Requirement: Output the lines from the one containing "[vel] -> Energy" through the last line of the material below, exactly; please do not include pictures.

Exercise materials:
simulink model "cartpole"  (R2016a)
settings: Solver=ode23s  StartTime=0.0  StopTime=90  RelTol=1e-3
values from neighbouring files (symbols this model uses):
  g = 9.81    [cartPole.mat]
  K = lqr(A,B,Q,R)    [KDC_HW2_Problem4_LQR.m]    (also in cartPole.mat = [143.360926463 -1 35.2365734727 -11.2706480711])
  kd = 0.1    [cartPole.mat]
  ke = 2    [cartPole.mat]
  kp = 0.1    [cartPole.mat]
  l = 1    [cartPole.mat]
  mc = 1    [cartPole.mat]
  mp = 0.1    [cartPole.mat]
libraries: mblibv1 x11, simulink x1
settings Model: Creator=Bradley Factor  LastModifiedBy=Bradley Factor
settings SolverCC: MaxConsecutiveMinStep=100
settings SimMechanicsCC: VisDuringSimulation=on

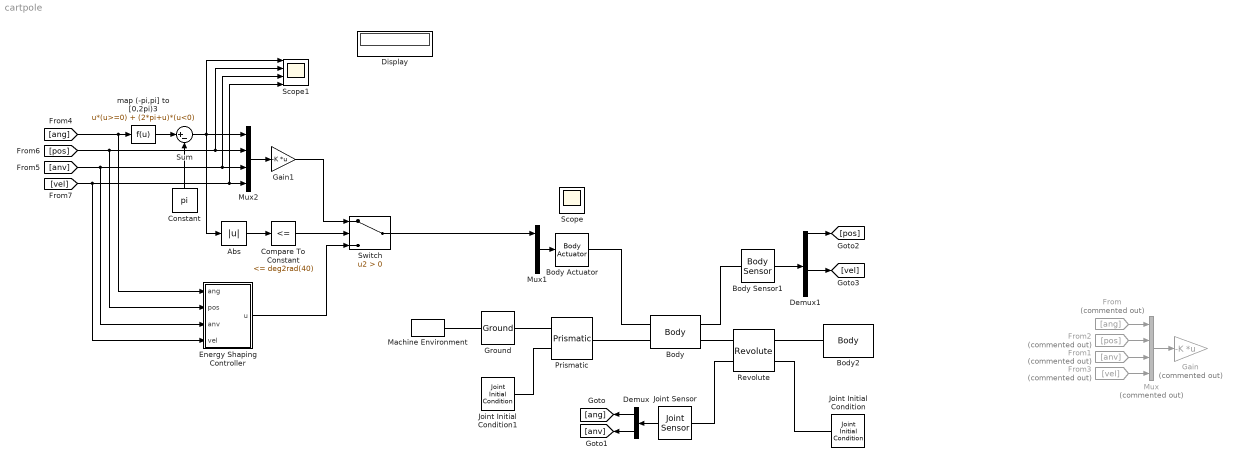
== system cartpole ==
  Abs : Abs
  Body : mblibv1/Bodies/Body  LConnTagsString=CS4|CS1  RConnTagsString=CG|CS3  UpdateFromCAD=off  DialogClass=MechanicalBodyBlock  Mass=1  MassUnits=kg  InertiaUnits=kg*m^2  Inertia=eye(3)  Shape=Cylinder  ShapeDims=[1 1]  ShapeUnits=m  ShapeUse=false  Density=1  DensityUnits=kg/m^3  DensityUse=false  GraphicsMode=MACHINE_DEFAULT  BodyColorSelMode=MACHINE_DEFAULT  BodyColor=[1 0 0]  AttachedToCS=CG  CG=Right$CG$[0.25 0 0]$CS1$CS1$m$[0 0 0]$Euler X-Y-Z$deg$WORLD$true$none  WorkingFrames=Left$CS4$[0 0 0]$CG$CG$m$[0 0 0]$Euler X-Y-Z$deg$WORLD$true$none#Left$CS1$[-0.25 0 0]$Adjoining$Adjoining$m$[0 0 0]$Euler X-Y-Z$deg$WORLD$true$none#Right$CS2$[0.5 0 0]$CS1$CS1$m$[0 0 0]$Euler X-Y-Z$deg$WORLD$false$none#Right$CS3$[0 0 0]$CG$CG$m$[0 0 0]$Euler X-Y-Z$deg$WORLD$true$none  CGPos=[0.25 0 0]  CGRot=[0 0 0]  CS0Pos=[]  CS0Rot=[]  CS1Pos=[-0.25 0 0]  CS1Rot=[0 0 0]  CS2Pos=[0.5 0 0]  CS2Rot=[0 0 0]  CS3Pos=[0 0 0]  CS3Rot=[0 0 0]  CS4Pos=[0 0 0]  CS4Rot=[0 0 0]  CS5Pos=[]  CS5Rot=[]  CS6Pos=[]  CS6Rot=[]  CS7Pos=[]  CS7Rot=[]  CS8Pos=[]  CS8Rot=[]  CS9Pos=[]  CS9Rot=[]  CS10Pos=[]  CS10Rot=[]  CS11Pos=[]  CS11Rot=[]  CS12Pos=[]  CS12Rot=[]  CS13Pos=[]  CS13Rot=[]  CS14Pos=[]  CS14Rot=[]  CS15Pos=[]  CS15Rot=[]  CS16Pos=[]  CS16Rot=[]  CS17Pos=[]  CS17Rot=[]  CS18Pos=[]  CS18Rot=[]  CS19Pos=[]  CS19Rot=[]  CS20Pos=[]  CS20Rot=[]
  Body Actuator : mblibv1/Sensors &  Actuators/Body Actuator  UpdateFromCAD=off  PhysicalDomain=Mechanical  PortType=blob  ActuationStyle=Force  AngleUnits=deg  ArcVelocityUnits=deg/s  ArcAccelerationUnits=deg/s^2  CoordPositionUnits=m  VelocityUnits=m/s  AccelerationUnits=m/s^2  ForceUnits=N  TorqueUnits=N-m  ActiveIO=on  Width=3  DialogClass=MechanicalActuatorBlock  ReferenceFrame=Absolute (World)  Angle=off  CoordPosition=on  Force=on  Torque=off
  Body Sensor1 : mblibv1/Sensors &  Actuators/Body Sensor  UpdateFromCAD=off  PhysicalDomain=Mechanical  PortType=blob  Muxed=on  Pose=off  Angle=on  AngleUnits=deg  ArcVelocity=off  ArcVelocityUnits=deg/s  ArcAcceleration=off  ArcAccelerationUnits=deg/s^2  CoordPosition=on  CoordPositionUnits=m  Velocity=on  VelocityUnits=m/s  Acceleration=off  AccelerationUnits=m/s^2  Quaternion=on  QuaternionDT=off  QuaternionDDT=off  QuaternionUnits=off  OutputVector=[1]  ActiveIO=on  Width=6  DialogClass=MechanicalSensorBlock  ReferenceFrame=Absolute (World)
  Body2 : mblibv1/Bodies/Body  LConnTagsString=CS1  UpdateFromCAD=off  DialogClass=MechanicalBodyBlock  Mass=0.1  MassUnits=kg  InertiaUnits=kg*m^2  Inertia=[1/3*0.1*1 0 0; 0 0 0; 0 0 1/3*0.1*1]  Shape=Cylinder  ShapeDims=[1 1]  ShapeUnits=m  ShapeUse=false  Density=1  DensityUnits=kg/m^3  DensityUse=false  GraphicsMode=MACHINE_DEFAULT  BodyColorSelMode=MACHINE_DEFAULT  BodyColor=[1 0 0]  AttachedToCS=CG  CG=Left$CG$[0 -0.5 0]$CS1$CS1$m$[0 0 0]$Euler X-Y-Z$deg$WORLD$false$none  WorkingFrames=Left$CS1$[0 0 0]$Adjoining$Adjoining$m$[0 0 0]$Euler X-Y-Z$deg$WORLD$true$none#Right$CS2$[0 -1 0]$CS1$CS1$m$[0 0 0]$Euler X-Y-Z$deg$WORLD$false$none  CGPos=[0 -0.5 0]  CGRot=[0 0 0]  CS0Pos=[]  CS0Rot=[]  CS1Pos=[0 0 0]  CS1Rot=[0 0 0]  CS2Pos=[0 -1 0]  CS2Rot=[0 0 0]  CS3Pos=[]  CS3Rot=[]  CS4Pos=[]  CS4Rot=[]  CS5Pos=[]  CS5Rot=[]  CS6Pos=[]  CS6Rot=[]  CS7Pos=[]  CS7Rot=[]  CS8Pos=[]  CS8Rot=[]  CS9Pos=[]  CS9Rot=[]  CS10Pos=[]  CS10Rot=[]  CS11Pos=[]  CS11Rot=[]  CS12Pos=[]  CS12Rot=[]  CS13Pos=[]  CS13Rot=[]  CS14Pos=[]  CS14Rot=[]  CS15Pos=[]  CS15Rot=[]  CS16Pos=[]  CS16Rot=[]  CS17Pos=[]  CS17Rot=[]  CS18Pos=[]  CS18Rot=[]  CS19Pos=[]  CS19Rot=[]  CS20Pos=[]  CS20Rot=[]
  Compare To Constant : simulink/Logic and Bit Operations/Compare To Constant  relop=<=  const=deg2rad(40)  OutDataTypeStr=boolean
  Constant : Constant  Value=pi
  Demux : Demux  Outputs=2
  Demux1 : Demux  Outputs=6
  Display : Display
  Energy Shaping Controller : Subsystem
  From : From  Commented=on  GotoTag=ang
  From1 : From  Commented=on  GotoTag=anv
  From2 : From  Commented=on  GotoTag=pos
  From3 : From  Commented=on  GotoTag=vel
  Gain : Gain  Commented=on  Gain=-K  Multiplication=Matrix(K*u)
  Gain1 : Gain  Gain=-K  Multiplication=Matrix(K*u)
  Ground : mblibv1/Bodies/Ground  UpdateFromCAD=off  LeftPortType=env  RightPortType=workingframe  PhysicalDomain=Mechanical  DialogClass=GroundBlock  CoordPosition=[0 0 0]  CoordPositionUnits=m  StateVectorMgrId=0  MachineId=[1 0]  ShowEnvPort=on  ParameterChecksum=[3037818671, 2405939126, 2614509267, 208361322]  TopologyChecksum=[3963185961, 293394640, 1509995164, 4077453628]
  Joint Initial Condition : mblibv1/Sensors &  Actuators/Joint Initial Condition  UpdateFromCAD=off  LeftPortType=blob  RightPortType=blob  PhysicalDomain=mechanical  DialogClass=InitialConditionBlock  InitialConditions=P1$false$0$m$deg$0$m/s$deg/s#P2$false$0$m$deg$0$m/s$deg/s#P3$false$0$m$deg$0$m/s$deg/s#R1$true$deg2rad(10)$m$rad$deg2rad(0)$m/s$rad/s#R2$false$0$m$deg$0$m/s$deg/s#R3$false$0$m$deg$0$m/s$deg/s#S$false$0$m$deg$0$m/s$deg/s  P1PIC=0  P1VIC=0  P2PIC=0  P2VIC=0  P3PIC=0  P3VIC=0  R1PIC=deg2rad(10)  R1VIC=deg2rad(0)  R2PIC=0  R2VIC=0  R3PIC=0  R3VIC=0  SPIC=0  SVIC=0
  Joint Initial Condition1 : mblibv1/Sensors &  Actuators/Joint Initial Condition  UpdateFromCAD=off  LeftPortType=blob  RightPortType=blob  PhysicalDomain=mechanical  DialogClass=InitialConditionBlock  InitialConditions=P1$true$0$m$deg$0$m/s$deg/s#P2$false$0$m$deg$0$m/s$deg/s#P3$false$0$m$deg$0$m/s$deg/s#R1$false$0$m$deg$0$m/s$deg/s#R2$false$0$m$deg$0$m/s$deg/s#R3$false$0$m$deg$0$m/s$deg/s#S$false$0$m$deg$0$m/s$deg/s  P1PIC=0  P1VIC=0  P2PIC=0  P2VIC=0  P3PIC=0  P3VIC=0  R1PIC=0  R1VIC=0  R2PIC=0  R2VIC=0  R3PIC=0  R3VIC=0  SPIC=0  SVIC=0
  Joint Sensor : mblibv1/Sensors &  Actuators/Joint Sensor  UpdateFromCAD=off  PhysicalDomain=Mechanical  PortType=blob  Muxed=on  Pose=off  Angle=on  AngleUnits=rad  ArcVelocity=on  ArcVelocityUnits=rad/s  ArcAcceleration=off  ArcAccelerationUnits=deg/s^2  CoordPosition=on  CoordPositionUnits=m  Velocity=off  VelocityUnits=m/s  Acceleration=off  AccelerationUnits=m/s^2  Quaternion=on  QuaternionDT=off  QuaternionDDT=off  QuaternionUnits=off  OutputVector=[1]  ActiveIO=on  Width=2  DialogClass=MechanicalSensorBlock  Primitive=R1  Force=off  ForceUnits=N  Torque=off  TorqueUnits=N*m  ReferenceFrame=Absolute (World)  ReactionSensedSide=Base  ReactionReferenceFrame=Absolute (World)  ReactionForce=off  ReactionForceUnits=N  ReactionMoment=off  ReactionMomentUnits=N*m
  Machine Environment : mblibv1/Bodies/Machine Environment  PortType=env  PhysicalDomain=Mechanical  DialogTemplateClass=MECH.MachineEnvironment  SyncWhenCopied=off  Gravity=[0 -9.81 0]  GravityUnits=m/s^2  GravityAsSignal=off  Dimensionality=Auto-detect  AnalysisType=Forward dynamics  LinearAssemblyTolerance=1e-3  LinearAssemblyToleranceUnits=m  AngularAssemblyTolerance=1e-3  AngularAssemblyToleranceUnits=rad  ConstraintSolverType=Stabilizing  ConstraintRelTolerance=1e-4  ConstraintAbsTolerance=1e-4  UseRobustSingularityHandling=off  RedundancyAnalysisToleranceType=Automatically select tolerance  RedundancyAnalysisTolerance=1e-14  StatePerturbationType=Fixed  PerturbationSize=1e-5  VisualizeMachine=on  BodyVisualizationType=Use model default body geometries  BodyColorSelMode=Use model default  DefaultBodyColor=[1 0 0]
  Mux : Mux  Commented=on
  Mux1 : Mux  Inputs=3
  Mux2 : Mux
  Prismatic : mblibv1/Joints/Prismatic  LConnTagsString=__newl0|SA1  RConnTagsString=__newr0  UpdateFromCAD=off  NumSAPorts=1  CutJoint=off  MarkAsCut=off  Primitives=prismatic  PrimitiveProps=P1$World$[1 0 0]$prismatic  DialogClass=JointBlock  P1Axis=[1 0 0]
  Revolute : mblibv1/Joints/Revolute  LConnTagsString=__newl0|SA1  RConnTagsString=__newr0|SA1  UpdateFromCAD=off  NumSAPorts=2  CutJoint=off  MarkAsCut=off  Primitives=prismatic  PrimitiveProps=R1$Base$[0 0 1]$revolute  DialogClass=JointBlock  R1Axis=[0 0 1]
  Scope : Scope
  Scope1 : Scope  NumInputPorts=4
  Sum : Sum  Inputs=|+-
  Switch : Switch  Criteria=u2 > Threshold
  map (-pi,pi] to [0,2pi)3 : Fcn  Expr=u*(u>=0) + (2*pi+u)*(u<0)
  wires:
  Joint Sensor/1 -> Demux/1
  Demux/1 -> [ang]
  Demux/2 -> [anv]
  Body Sensor1/1 -> Demux1/1
  Demux1/1 -> [pos]
  Mux1/1 -> Body Actuator/1
  Demux1/4 -> [vel]
  Mux/1 -> Gain/1
  From1/1 -> Mux/3
  From3/1 -> Mux/4
  From2/1 -> Mux/2
  From/1 -> Mux/1
  [anv] -> Energy Shaping Controller/3(anv), Mux2/3, Scope1/3
  [vel] -> Energy Shaping Controller/4(vel), Mux2/4, Scope1/4
  [pos] -> Energy Shaping Controller/2(pos), Mux2/2, Scope1/2
  Mux2/1 -> Gain1/1
  [ang] -> Energy Shaping Controller/1(ang), map (-pi,pi] to [0,2pi)3/1
  map (-pi,pi] to [0,2pi)3/1 -> Sum/1
  Sum/1 -> Abs/1, Scope1/1, Mux2/1
  Constant/1 -> Sum/2
  Abs/1 -> Compare To Constant/1
  Compare To Constant/1 -> Switch/2
  Gain1/1 -> Switch/1
  Switch/1 -> Mux1/1
  Energy Shaping Controller/1(u) -> Switch/3
  connections:
  Machine Environment/RConn1 -- Ground/LConn1
  Prismatic/LConn1 -- Ground/RConn1
  Body2/LConn1 -- Revolute/RConn1
  Joint Initial Condition/RConn1 -- Revolute/RConn2
  Joint Initial Condition1/RConn1 -- Prismatic/LConn2
  Prismatic/RConn1 -- Body/LConn2
  Body/RConn2 -- Revolute/LConn1
  Body Actuator/RConn1 -- Body/LConn1
  Body Sensor1/LConn1 -- Body/RConn1
  Joint Sensor/LConn1 -- Revolute/LConn2

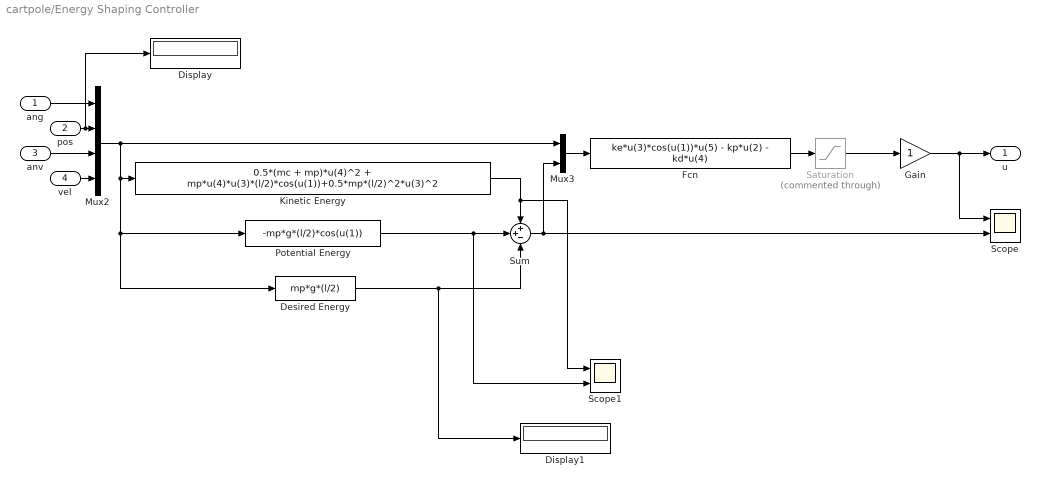
== system cartpole/Energy Shaping Controller ==
  ang : Inport
  pos : Inport  Port=2
  anv : Inport  Port=3
  vel : Inport  Port=4
  Desired Energy : Fcn  Expr=mp*g*(l/2)
  Display : Display
  Display1 : Display
  Fcn : Fcn  Expr=ke*u(3)*cos(u(1))*u(5) - kp*u(2) - kd*u(4)
  Gain : Gain
  Kinetic Energy : Fcn  Expr=0.5*(mc + mp)*u(4)^2 + mp*u(4)*u(3)*(l/2)*cos(u(1))+0.5*mp*(l/2)^2*u(3)^2
  Mux2 : Mux
  Mux3 : Mux  Inputs=2
  Potential Energy : Fcn  Expr=-mp*g*(l/2)*cos(u(1))
  Saturation : Saturate  Commented=through  UpperLimit=1e6  LowerLimit=-1e6
  Scope : Scope  NumInputPorts=2
  Scope1 : Scope  NumInputPorts=2
  Sum : Sum  Inputs=++-
  u : Outport
  wires:
  Sum/1 -> Mux3/2, Scope/2
  Mux2/1 -> Potential Energy/1, Desired Energy/1, Kinetic Energy/1, Mux3/1
  pos/1 -> Display/1, Mux2/2
  anv/1 -> Mux2/3
  vel/1 -> Mux2/4
  ang/1 -> Mux2/1
  Mux3/1 -> Fcn/1
  Fcn/1 -> Saturation/1
  Saturation/1 -> Gain/1
  Kinetic Energy/1 -> Scope1/1, Sum/1
  Potential Energy/1 -> Scope1/2, Sum/2
  Desired Energy/1 -> Display1/1, Sum/3
  Gain/1 -> Scope/1, u/1

Answer space:
  [vel] -> Energy Shaping Controller/4(vel), Mux2/4, Scope1/4
  [pos] -> Energy Shaping Controller/2(pos), Mux2/2, Scope1/2
  Mux2/1 -> Gain1/1
  [ang] -> Energy Shaping Controller/1(ang), map (-pi,pi] to [0,2pi)3/1
  map (-pi,pi] to [0,2pi)3/1 -> Sum/1
  Sum/1 -> Abs/1, Scope1/1, Mux2/1
  Constant/1 -> Sum/2
  Abs/1 -> Compare To Constant/1
  Compare To Constant/1 -> Switch/2
  Gain1/1 -> Switch/1
  Switch/1 -> Mux1/1
  Energy Shaping Controller/1(u) -> Switch/3
  connections:
  Machine Environment/RConn1 -- Ground/LConn1
  Prismatic/LConn1 -- Ground/RConn1
  Body2/LConn1 -- Revolute/RConn1
  Joint Initial Condition/RConn1 -- Revolute/RConn2
  Joint Initial Condition1/RConn1 -- Prismatic/LConn2
  Prismatic/RConn1 -- Body/LConn2
  Body/RConn2 -- Revolute/LConn1
  Body Actuator/RConn1 -- Body/LConn1
  Body Sensor1/LConn1 -- Body/RConn1
  Joint Sensor/LConn1 -- Revolute/LConn2

== system cartpole/Energy Shaping Controller ==
  ang : Inport
  pos : Inport  Port=2
  anv : Inport  Port=3
  vel : Inport  Port=4
  Desired Energy : Fcn  Expr=mp*g*(l/2)
  Display : Display
  Display1 : Display
  Fcn : Fcn  Expr=ke*u(3)*cos(u(1))*u(5) - kp*u(2) - kd*u(4)
  Gain : Gain
  Kinetic Energy : Fcn  Expr=0.5*(mc + mp)*u(4)^2 + mp*u(4)*u(3)*(l/2)*cos(u(1))+0.5*mp*(l/2)^2*u(3)^2
  Mux2 : Mux
  Mux3 : Mux  Inputs=2
  Potential Energy : Fcn  Expr=-mp*g*(l/2)*cos(u(1))
  Saturation : Saturate  Commented=through  UpperLimit=1e6  LowerLimit=-1e6
  Scope : Scope  NumInputPorts=2
  Scope1 : Scope  NumInputPorts=2
  Sum : Sum  Inputs=++-
  u : Outport
  wires:
  Sum/1 -> Mux3/2, Scope/2
  Mux2/1 -> Potential Energy/1, Desired Energy/1, Kinetic Energy/1, Mux3/1
  pos/1 -> Display/1, Mux2/2
  anv/1 -> Mux2/3
  vel/1 -> Mux2/4
  ang/1 -> Mux2/1
  Mux3/1 -> Fcn/1
  Fcn/1 -> Saturation/1
  Saturation/1 -> Gain/1
  Kinetic Energy/1 -> Scope1/1, Sum/1
  Potential Energy/1 -> Scope1/2, Sum/2
  Desired Energy/1 -> Display1/1, Sum/3
  Gain/1 -> Scope/1, u/1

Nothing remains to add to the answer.